--- DATASET RECORDS Enclosed Below ---
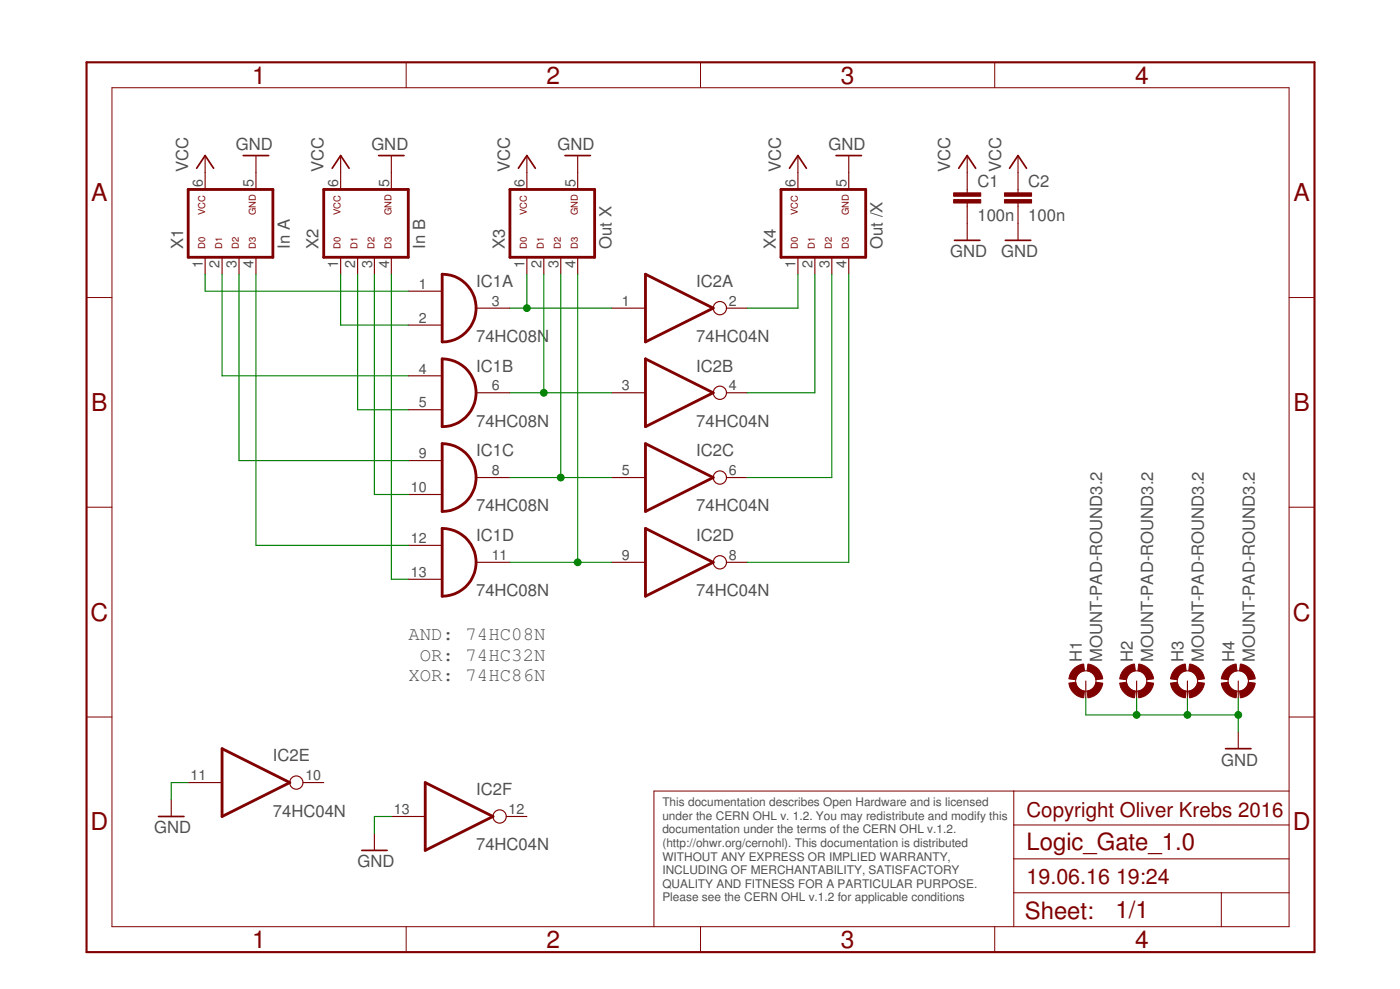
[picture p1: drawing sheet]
<svg xmlns="http://www.w3.org/2000/svg" width="210mm" height="148mm" viewBox="0 0 210 148" stroke-linecap="round" stroke-linejoin="round" font-family="sans-serif">
<g fill="none" stroke="#800000" stroke-width=".42">
<path d="M28.2 28.4h12.7v10.1h-12.7zM48.5 28.4h12.7v10.1h-12.7zM76.5 28.4h12.7v10.1h-12.7zM117.1 28.4h12.7v10.1h-12.7zM66.3 41.1a5.1 5.1 0 0 1 5.1 5.1 5.1 5.1 0 0 1-5.1 5zM66.3 53.8a5.1 5.1 0 0 1 5.1 5 5.1 5.1 0 0 1-5.1 5.1zM96.8 41.1l10.1 5.1-10.1 5zM96.8 53.8l10.1 5-10.1 5.1zM66.3 66.5a5.1 5.1 0 0 1 5.1 5 5.1 5.1 0 0 1-5.1 5.1zM66.3 79.2a5.1 5.1 0 0 1 5.1 5 5.1 5.1 0 0 1-5.1 5.1zM96.8 66.5l10.1 5-10.1 5.1zM96.8 79.2l10.1 5-10.1 5.1z"/>
<path d="M33.3 112.2l10.2 5-10.2 5.1zM63.8 117.2l10.1 5.1-10.1 5.1z"/>
</g>
<g fill="none" stroke="#800000" stroke-width=".17">
<path d="M30.8 23.3v5.1M30.8 38.5v2.6M33.3 38.5v2.6M35.8 38.5v2.6M38.4 23.3v5.1M38.4 38.5v2.6M51.1 23.3v5.1M51.1 38.5v2.6M53.6 38.5v2.6M56.1 38.5v2.6M58.7 23.3v5.1M58.7 38.5v2.6"/>
<path d="M79 23.3v5.1M79 38.5v2.6M81.5 38.5v2.6M84.1 38.5v2.6M86.6 23.3v5.1M86.6 38.5v2.6M119.6 23.3v5.1M119.6 38.5v2.6M122.2 38.5v2.6M124.7 38.5v2.6M127.3 23.3v5.1M127.3 38.5v2.6"/>
<path d="M145 23.3v5.6M145 30.4v5.6M152.6 23.3v5.6M152.6 30.4v5.6M61.2 43.6h5.1M61.2 48.7h5.1M61.2 56.3h5.1M71.4 46.2h5.1M71.4 58.8h5.1M91.7 46.2h5.1M91.7 58.8h5.1M108.9 46.2h3.1"/>
<path d="M108.9 58.8h3.1M61.2 61.4h5.1M61.2 69h5.1M61.2 74.1h5.1M71.4 71.5h5.1M91.7 71.5h5.1M108.9 71.5h3.1M61.2 81.7h5.1M61.2 86.8h5.1M71.4 84.2h5.1M91.7 84.2h5.1M108.9 84.2h3.1"/>
<path d="M25.7 119.8v2.5M28.2 117.2h5.1M45.4 117.2h3.1M162.8 102v2.6M170.4 102v2.6M178 102v2.6M185.7 102v2.6M185.7 109.6v2.6M56.1 124.9v2.5M58.7 122.3h5.1M75.9 122.3h3.1"/>
<circle cx="107.9" cy="46.2" r=".99"/>
<circle cx="107.9" cy="58.8" r=".99"/>
<circle cx="107.9" cy="71.5" r=".99"/>
<circle cx="107.9" cy="84.2" r=".99"/>
<circle cx="44.4" cy="117.2" r=".99"/>
<circle cx="74.9" cy="122.3" r=".99"/>
</g>
<g fill="none" stroke="#800000" stroke-width=".25">
<path d="M29.5 25.2l1.3-1.9 1.2 1.9M36.5 23.3h3.8M49.8 25.2l1.3-1.9 1.2 1.9M56.8 23.3h3.8M77.7 25.2l1.3-1.9 1.3 1.9M84.7 23.3h3.8M118.4 25.2l1.2-1.9 1.3 1.9M125.3 23.3h3.9M143.1 36h3.8M143.7 25.2l1.3-1.9 1.3 1.9M150.7 36h3.8M151.4 25.2l1.2-1.9 1.3 1.9"/>
<path d="M183.7 112.2h3.9M23.8 122.3h3.8M54.3 127.4h3.7"/>
</g>
<g fill="#800000" stroke="#800000" stroke-width=".15">
<path d="M160.8 100.4a2.58 2.58 0 0 1 1.7-.9l.1 1a1.56 1.56 0 0 0-1.3 1.3l-1-.1a2.47 2.47 0 0 1 .5-1.3z" fill-rule="evenodd"/>
<path d="M160.3 102.3l1-.1a1.57 1.57 0 0 0 1.3 1.3l-.1 1a2.53 2.53 0 0 1-2.2-2.2z" fill-rule="evenodd"/>
<path d="M163 103.5a1.51 1.51 0 0 0 1.3-1.3l1 .1a2.48 2.48 0 0 1-2.2 2.2z" fill-rule="evenodd"/>
<path d="M163.1 99.5a2.48 2.48 0 0 1 2.2 2.2l-1 .1a1.51 1.51 0 0 0-1.3-1.3z" fill-rule="evenodd"/>
<path d="M168.5 100.4a2.58 2.58 0 0 1 1.6-.9l.1 1a1.56 1.56 0 0 0-1.3 1.3l-1-.1a2.47 2.47 0 0 1 .6-1.3z" fill-rule="evenodd"/>
<path d="M167.9 102.3l1-.1a1.57 1.57 0 0 0 1.3 1.3l-.1 1a2.53 2.53 0 0 1-2.2-2.2z" fill-rule="evenodd"/>
<path d="M170.6 103.5a1.51 1.51 0 0 0 1.3-1.3l1.1 .1a2.48 2.48 0 0 1-2.3 2.2z" fill-rule="evenodd"/>
<path d="M170.7 99.5a2.52 2.52 0 0 1 2.3 2.2l-1.1 .1a1.51 1.51 0 0 0-1.3-1.3z" fill-rule="evenodd"/>
<path d="M176.1 100.4a2.58 2.58 0 0 1 1.6-.9l.1 1a1.56 1.56 0 0 0-1.3 1.3l-1-.1a2.47 2.47 0 0 1 .6-1.3z" fill-rule="evenodd"/>
<path d="M175.5 102.3l1-.1a1.57 1.57 0 0 0 1.3 1.3l-.1 1a2.53 2.53 0 0 1-2.2-2.2z" fill-rule="evenodd"/>
<path d="M178.2 103.5a1.57 1.57 0 0 0 1.4-1.3l1 .1a2.54 2.54 0 0 1-2.2 2.2z" fill-rule="evenodd"/>
<path d="M178.4 99.5a2.52 2.52 0 0 1 2.2 2.2l-1 .1a1.56 1.56 0 0 0-1.4-1.3z" fill-rule="evenodd"/>
<path d="M183.7 100.4a2.58 2.58 0 0 1 1.6-.9l.2 1a1.56 1.56 0 0 0-1.4 1.3l-1-.1a2.47 2.47 0 0 1 .6-1.3z" fill-rule="evenodd"/>
<path d="M183.1 102.3l1-.1a1.57 1.57 0 0 0 1.4 1.3l-.2 1a2.53 2.53 0 0 1-2.2-2.2z" fill-rule="evenodd"/>
<path d="M185.8 103.5a1.57 1.57 0 0 0 1.4-1.3l1 .1a2.54 2.54 0 0 1-2.2 2.2z" fill-rule="evenodd"/>
<path d="M186 99.5a2.52 2.52 0 0 1 2.2 2.2l-1 .1a1.56 1.56 0 0 0-1.4-1.3z" fill-rule="evenodd"/>
</g>
<g fill="none" stroke="#800000" stroke-width=".15">
<path d="M16.8 13.1h176.5v125.7h-176.5zM60.9 9.3v3.8M105 9.3v3.8M149.1 9.3v3.8M13 44.6h3.8M193.3 44.6h3.8M13 76h3.8M193.3 76h3.8M13 107.4h3.8M152 118.5v20.3M193.3 118.5h-95.3v20.3M193.3 107.4h3.8"/>
<path d="M60.9 138.8v3.8M105 138.8v3.8M149.1 138.8v3.8M152 133.8h41.3M152 128.7h41.3M152 123.6h41.3M183.1 133.8v5"/>
<circle cx="162.8" cy="102" r="1.52"/>
<circle cx="170.4" cy="102" r="1.52"/>
<circle cx="178" cy="102" r="1.52"/>
<circle cx="185.7" cy="102" r="1.52"/>
</g>
<g fill="#800000" stroke="#800000" stroke-width=".15">
<path d="M143 29.9h4v.5h-4z"/>
<path d="M143 28.9h4v.5h-4z"/>
<path d="M150.6 29.9h4.1v.5h-4.1z"/>
<path d="M150.6 28.9h4.1v.5h-4.1z"/>
</g>
<path d="M13 9.3h184.1v133.3h-184.1z" fill="none" stroke="#800000" stroke-width=".32"/>
<g fill="none" stroke="#008000" stroke-width=".17">
<path d="M30.8 41.1v2.5h30.4M33.3 41.1v15.2h27.9M35.8 41.1v27.9h25.4M38.4 41.1v40.6h22.8M51.1 41.1v7.6h10.1M53.6 41.1v20.3h7.6M56.1 41.1v33h5.1M58.7 41.1v45.7h2.5M76.5 46.2h15.2M76.5 58.8h15.2M79 41.1v5.1M81.5 41.1v17.7"/>
<path d="M84.1 41.1v30.4M86.6 41.1v43.1M119.6 41.1v5.1h-7.6M122.2 41.1v17.7h-10.2M124.7 41.1v30.4h-12.7M127.3 41.1v43.1h-15.3M76.5 71.5h15.2M76.5 84.2h15.2M28.2 117.2h-2.5v2.6M162.8 104.6v2.5h22.9M170.4 104.6v2.5M178 104.6v2.5"/>
<path d="M185.7 104.6v5M58.7 122.3h-2.6v2.6"/>
</g>
<g fill="#008000" stroke="#008000" stroke-width=".15">
<circle cx="185.7" cy="107.1" r=".51"/>
<circle cx="178" cy="107.1" r=".51"/>
<circle cx="170.4" cy="107.1" r=".51"/>
<circle cx="79" cy="46.2" r=".51"/>
<circle cx="81.5" cy="58.8" r=".51"/>
<circle cx="84.1" cy="71.5" r=".51"/>
<circle cx="86.6" cy="84.2" r=".51"/>
</g>
<g font-size="3.7" fill="#800000">
<text x="37.8" y="12.5">1</text>
<text x="82" y="12.5">2</text>
<text x="126.1" y="12.5">3</text>
<text x="170.2" y="12.5">4</text>
<text x="13.7" y="30.1">A</text>
<text x="193.9" y="30.1">A</text>
<text x="13.7" y="61.6">B</text>
<text x="193.9" y="61.6">B</text>
<text x="13.5" y="93">C</text>
<text x="193.8" y="93">C</text>
<text x="13.5" y="124.4">D</text>
<text x="193.8" y="124.4">D</text>
<text x="37.8" y="142">1</text>
<text x="82" y="142">2</text>
<text x="126.1" y="142">3</text>
<text x="170.2" y="142">4</text>
</g>
<g font-size="3.6" fill="#800000">
<text x="153.9" y="127.4">Logic_Gate_1.0</text>
<text x="153.7" y="137.7">Sheet:</text>
<text x="167.2" y="137.6">1/1</text>
</g>
<g font-size="3.2" fill="#800000">
<text x="153.9" y="132.5">19.06.16</text>
<text x="167.3" y="132.5">19:24</text>
</g>
<text font-size="3.1" fill="#800000" x="153.9" y="122.3">Copyright Oliver Krebs 2016</text>
<g font-size="2.9" fill="#505050">
<text x="61.2" y="95.9">AND: 74HC08N</text>
<text x="62.9" y="99">OR: 74HC32N</text>
<text x="61.2" y="102">XOR: 74HC86N</text>
</g>
<g font-size="2.5" fill="#505050">
<text x="35.4" y="22.5">GND</text>
<text x="55.7" y="22.5">GND</text>
<text x="83.6" y="22.5">GND</text>
<text x="124.2" y="22.5">GND</text>
<text x="28.2" y="25.8" transform="rotate(-90 28.2 25.8)">VCC</text>
<text x="48.5" y="25.8" transform="rotate(-90 48.5 25.8)">VCC</text>
<text x="76.5" y="25.8" transform="rotate(-90 76.5 25.8)">VCC</text>
<text x="117.1" y="25.8" transform="rotate(-90 117.1 25.8)">VCC</text>
<text x="142.5" y="25.8" transform="rotate(-90 142.5 25.8)">VCC</text>
<text x="146.5" y="28">C1</text>
<text x="150.1" y="25.8" transform="rotate(-90 150.1 25.8)">VCC</text>
<text x="154.2" y="28">C2</text>
<text x="146.5" y="33.1">100n</text>
<text x="154.2" y="33.1">100n</text>
<text x="27.4" y="37.3" transform="rotate(-90 27.4 37.3)">X1</text>
<text x="43.4" y="37.3" transform="rotate(-90 43.4 37.3)">In A</text>
<text x="47.8" y="37.3" transform="rotate(-90 47.8 37.3)">X2</text>
<text x="63.8" y="37.3" transform="rotate(-90 63.8 37.3)">In B</text>
<text x="75.7" y="37.3" transform="rotate(-90 75.7 37.3)">X3</text>
<text x="91.7" y="37.3" transform="rotate(-90 91.7 37.3)">Out X</text>
<text x="116.3" y="37.3" transform="rotate(-90 116.3 37.3)">X4</text>
<text x="132.3" y="37.3" transform="rotate(-90 132.3 37.3)">Out /X</text>
<text x="142.5" y="38.5">GND</text>
<text x="150.1" y="38.5">GND</text>
<text x="71.4" y="43">IC1A</text>
<text x="104.4" y="43">IC2A</text>
<text x="71.4" y="51.2">74HC08N</text>
<text x="104.4" y="51.2">74HC04N</text>
<text x="71.4" y="55.7">IC1B</text>
<text x="104.4" y="55.7">IC2B</text>
<text x="71.4" y="63.9">74HC08N</text>
<text x="104.4" y="63.9">74HC04N</text>
<text x="71.4" y="68.4">IC1C</text>
<text x="104.4" y="68.4">IC2C</text>
<text x="71.4" y="76.6">74HC08N</text>
<text x="104.4" y="76.6">74HC04N</text>
<text x="71.4" y="81.1">IC1D</text>
<text x="104.4" y="81.1">IC2D</text>
<text x="71.4" y="89.3">74HC08N</text>
<text x="104.4" y="89.3">74HC04N</text>
<text x="162.2" y="99.2" transform="rotate(-90 162.2 99.2)">H1</text>
<text x="165.3" y="99.2" transform="rotate(-90 165.3 99.2)">MOUNT-PAD-ROUND3.2</text>
<text x="169.8" y="99.2" transform="rotate(-90 169.8 99.2)">H2</text>
<text x="172.9" y="99.2" transform="rotate(-90 172.9 99.2)">MOUNT-PAD-ROUND3.2</text>
<text x="177.5" y="99.2" transform="rotate(-90 177.5 99.2)">H3</text>
<text x="180.5" y="99.2" transform="rotate(-90 180.5 99.2)">MOUNT-PAD-ROUND3.2</text>
<text x="185.1" y="99.2" transform="rotate(-90 185.1 99.2)">H4</text>
<text x="188.1" y="99.2" transform="rotate(-90 188.1 99.2)">MOUNT-PAD-ROUND3.2</text>
<text x="40.9" y="114.1">IC2E</text>
<text x="71.4" y="119.2">IC2F</text>
<text x="183.1" y="114.7">GND</text>
<text x="23.1" y="124.9">GND</text>
<text x="40.9" y="122.3">74HC04N</text>
<text x="53.6" y="129.9">GND</text>
<text x="71.4" y="127.4">74HC04N</text>
</g>
<g font-size="2.1" fill="#505050">
<text x="30.4" y="28" transform="rotate(-90 30.4 28)">6</text>
<text x="38" y="28" transform="rotate(-90 38 28)">5</text>
<text x="50.7" y="28" transform="rotate(-90 50.7 28)">6</text>
<text x="58.3" y="28" transform="rotate(-90 58.3 28)">5</text>
<text x="78.6" y="28" transform="rotate(-90 78.6 28)">6</text>
<text x="86.3" y="28" transform="rotate(-90 86.3 28)">5</text>
<text x="119.3" y="28" transform="rotate(-90 119.3 28)">6</text>
<text x="126.9" y="28" transform="rotate(-90 126.9 28)">5</text>
<text x="30.4" y="40.1" transform="rotate(-90 30.4 40.1)">1</text>
<text x="32.9" y="40.1" transform="rotate(-90 32.9 40.1)">2</text>
<text x="35.5" y="40.1" transform="rotate(-90 35.5 40.1)">3</text>
<text x="38" y="40.1" transform="rotate(-90 38 40.1)">4</text>
<text x="50.7" y="40.1" transform="rotate(-90 50.7 40.1)">1</text>
<text x="53.2" y="40.1" transform="rotate(-90 53.2 40.1)">2</text>
<text x="55.8" y="40.1" transform="rotate(-90 55.8 40.1)">3</text>
<text x="58.3" y="40.1" transform="rotate(-90 58.3 40.1)">4</text>
<text x="78.6" y="40.1" transform="rotate(-90 78.6 40.1)">1</text>
<text x="81.2" y="40.1" transform="rotate(-90 81.2 40.1)">2</text>
<text x="83.7" y="40.1" transform="rotate(-90 83.7 40.1)">3</text>
<text x="86.3" y="40.1" transform="rotate(-90 86.3 40.1)">4</text>
<text x="119.3" y="40.1" transform="rotate(-90 119.3 40.1)">1</text>
<text x="121.8" y="40.1" transform="rotate(-90 121.8 40.1)">2</text>
<text x="124.4" y="40.1" transform="rotate(-90 124.4 40.1)">3</text>
<text x="126.9" y="40.1" transform="rotate(-90 126.9 40.1)">4</text>
<text x="62.8" y="43.3">1</text>
<text x="73.7" y="45.8">3</text>
<text x="93.3" y="45.8">1</text>
<text x="109.3" y="45.8">2</text>
<text x="62.8" y="48.3">2</text>
<text x="62.8" y="56">4</text>
<text x="73.7" y="58.5">6</text>
<text x="93.3" y="58.5">3</text>
<text x="109.3" y="58.5">4</text>
<text x="62.8" y="61">5</text>
<text x="62.8" y="68.7">9</text>
<text x="73.7" y="71.2">8</text>
<text x="93.3" y="71.2">5</text>
<text x="109.3" y="71.2">6</text>
<text x="61.6" y="73.7">10</text>
<text x="61.6" y="81.3">12</text>
<text x="73.7" y="83.9">11</text>
<text x="93.3" y="83.9">9</text>
<text x="109.3" y="83.9">8</text>
<text x="61.6" y="86.4">13</text>
<text x="28.6" y="116.9">11</text>
<text x="45.8" y="116.9">10</text>
<text x="59.1" y="122">13</text>
<text x="76.3" y="122">12</text>
</g>
<g font-size="1.8" fill="#505050">
<text x="99.3" y="120.8">This documentation describes Open Hardware and is licensed</text>
<text x="99.3" y="122.8">under the CERN OHL v. 1.2. You may redistribute and modify this</text>
<text x="99.3" y="124.9">documentation under the terms of the CERN OHL v.1.2.</text>
<text x="99.3" y="126.9">(http://ohwr.org/cernohl). This documentation is distributed</text>
<text x="99.3" y="128.9">WITHOUT ANY EXPRESS OR IMPLIED WARRANTY,</text>
<text x="99.3" y="131">INCLUDING OF MERCHANTABILITY, SATISFACTORY</text>
<text x="99.3" y="133">QUALITY AND FITNESS FOR A PARTICULAR PURPOSE.</text>
<text x="99.3" y="135">Please see the CERN OHL v.1.2 for applicable conditions</text>
</g>
<g font-size="1.4" fill="#800000">
<text x="30.8" y="32.2" transform="rotate(-90 30.8 32.2)">VCC</text>
<text x="38.4" y="32.2" transform="rotate(-90 38.4 32.2)">GND</text>
<text x="51.1" y="32.2" transform="rotate(-90 51.1 32.2)">VCC</text>
<text x="58.7" y="32.2" transform="rotate(-90 58.7 32.2)">GND</text>
<text x="79" y="32.2" transform="rotate(-90 79 32.2)">VCC</text>
<text x="86.6" y="32.2" transform="rotate(-90 86.6 32.2)">GND</text>
<text x="119.6" y="32.2" transform="rotate(-90 119.6 32.2)">VCC</text>
<text x="127.2" y="32.2" transform="rotate(-90 127.2 32.2)">GND</text>
<text x="30.8" y="37.3" transform="rotate(-90 30.8 37.3)">D0</text>
<text x="33.3" y="37.3" transform="rotate(-90 33.3 37.3)">D1</text>
<text x="35.8" y="37.3" transform="rotate(-90 35.8 37.3)">D2</text>
<text x="38.4" y="37.3" transform="rotate(-90 38.4 37.3)">D3</text>
<text x="51.1" y="37.3" transform="rotate(-90 51.1 37.3)">D0</text>
<text x="53.6" y="37.3" transform="rotate(-90 53.6 37.3)">D1</text>
<text x="56.1" y="37.3" transform="rotate(-90 56.1 37.3)">D2</text>
<text x="58.7" y="37.3" transform="rotate(-90 58.7 37.3)">D3</text>
<text x="79" y="37.3" transform="rotate(-90 79 37.3)">D0</text>
<text x="81.5" y="37.3" transform="rotate(-90 81.5 37.3)">D1</text>
<text x="84.1" y="37.3" transform="rotate(-90 84.1 37.3)">D2</text>
<text x="86.6" y="37.3" transform="rotate(-90 86.6 37.3)">D3</text>
<text x="119.6" y="37.3" transform="rotate(-90 119.6 37.3)">D0</text>
<text x="122.2" y="37.3" transform="rotate(-90 122.2 37.3)">D1</text>
<text x="124.7" y="37.3" transform="rotate(-90 124.7 37.3)">D2</text>
<text x="127.2" y="37.3" transform="rotate(-90 127.2 37.3)">D3</text>
</g>
</svg>
--- End of Enclosed DATASET RECORDS ---
### WORK TO COMPLETE
Transcribe exactly, please, the lines between the start of the records above and the line holding "23.3v5.1M79 38.5v2.6M81.5 38.5v2.6M84.1", counting both of those lines and omitting pictures.

### OUTPUT OF THE EXERCISE
[picture p1: drawing sheet]
<svg xmlns="http://www.w3.org/2000/svg" width="210mm" height="148mm" viewBox="0 0 210 148" stroke-linecap="round" stroke-linejoin="round" font-family="sans-serif">
<g fill="none" stroke="#800000" stroke-width=".42">
<path d="M28.2 28.4h12.7v10.1h-12.7zM48.5 28.4h12.7v10.1h-12.7zM76.5 28.4h12.7v10.1h-12.7zM117.1 28.4h12.7v10.1h-12.7zM66.3 41.1a5.1 5.1 0 0 1 5.1 5.1 5.1 5.1 0 0 1-5.1 5zM66.3 53.8a5.1 5.1 0 0 1 5.1 5 5.1 5.1 0 0 1-5.1 5.1zM96.8 41.1l10.1 5.1-10.1 5zM96.8 53.8l10.1 5-10.1 5.1zM66.3 66.5a5.1 5.1 0 0 1 5.1 5 5.1 5.1 0 0 1-5.1 5.1zM66.3 79.2a5.1 5.1 0 0 1 5.1 5 5.1 5.1 0 0 1-5.1 5.1zM96.8 66.5l10.1 5-10.1 5.1zM96.8 79.2l10.1 5-10.1 5.1z"/>
<path d="M33.3 112.2l10.2 5-10.2 5.1zM63.8 117.2l10.1 5.1-10.1 5.1z"/>
</g>
<g fill="none" stroke="#800000" stroke-width=".17">
<path d="M30.8 23.3v5.1M30.8 38.5v2.6M33.3 38.5v2.6M35.8 38.5v2.6M38.4 23.3v5.1M38.4 38.5v2.6M51.1 23.3v5.1M51.1 38.5v2.6M53.6 38.5v2.6M56.1 38.5v2.6M58.7 23.3v5.1M58.7 38.5v2.6"/>
<path d="M79 23.3v5.1M79 38.5v2.6M81.5 38.5v2.6M84.1 38.5v2.6M86.6 23.3v5.1M86.6 38.5v2.6M119.6 23.3v5.1M119.6 38.5v2.6M122.2 38.5v2.6M124.7 38.5v2.6M127.3 23.3v5.1M127.3 38.5v2.6"/>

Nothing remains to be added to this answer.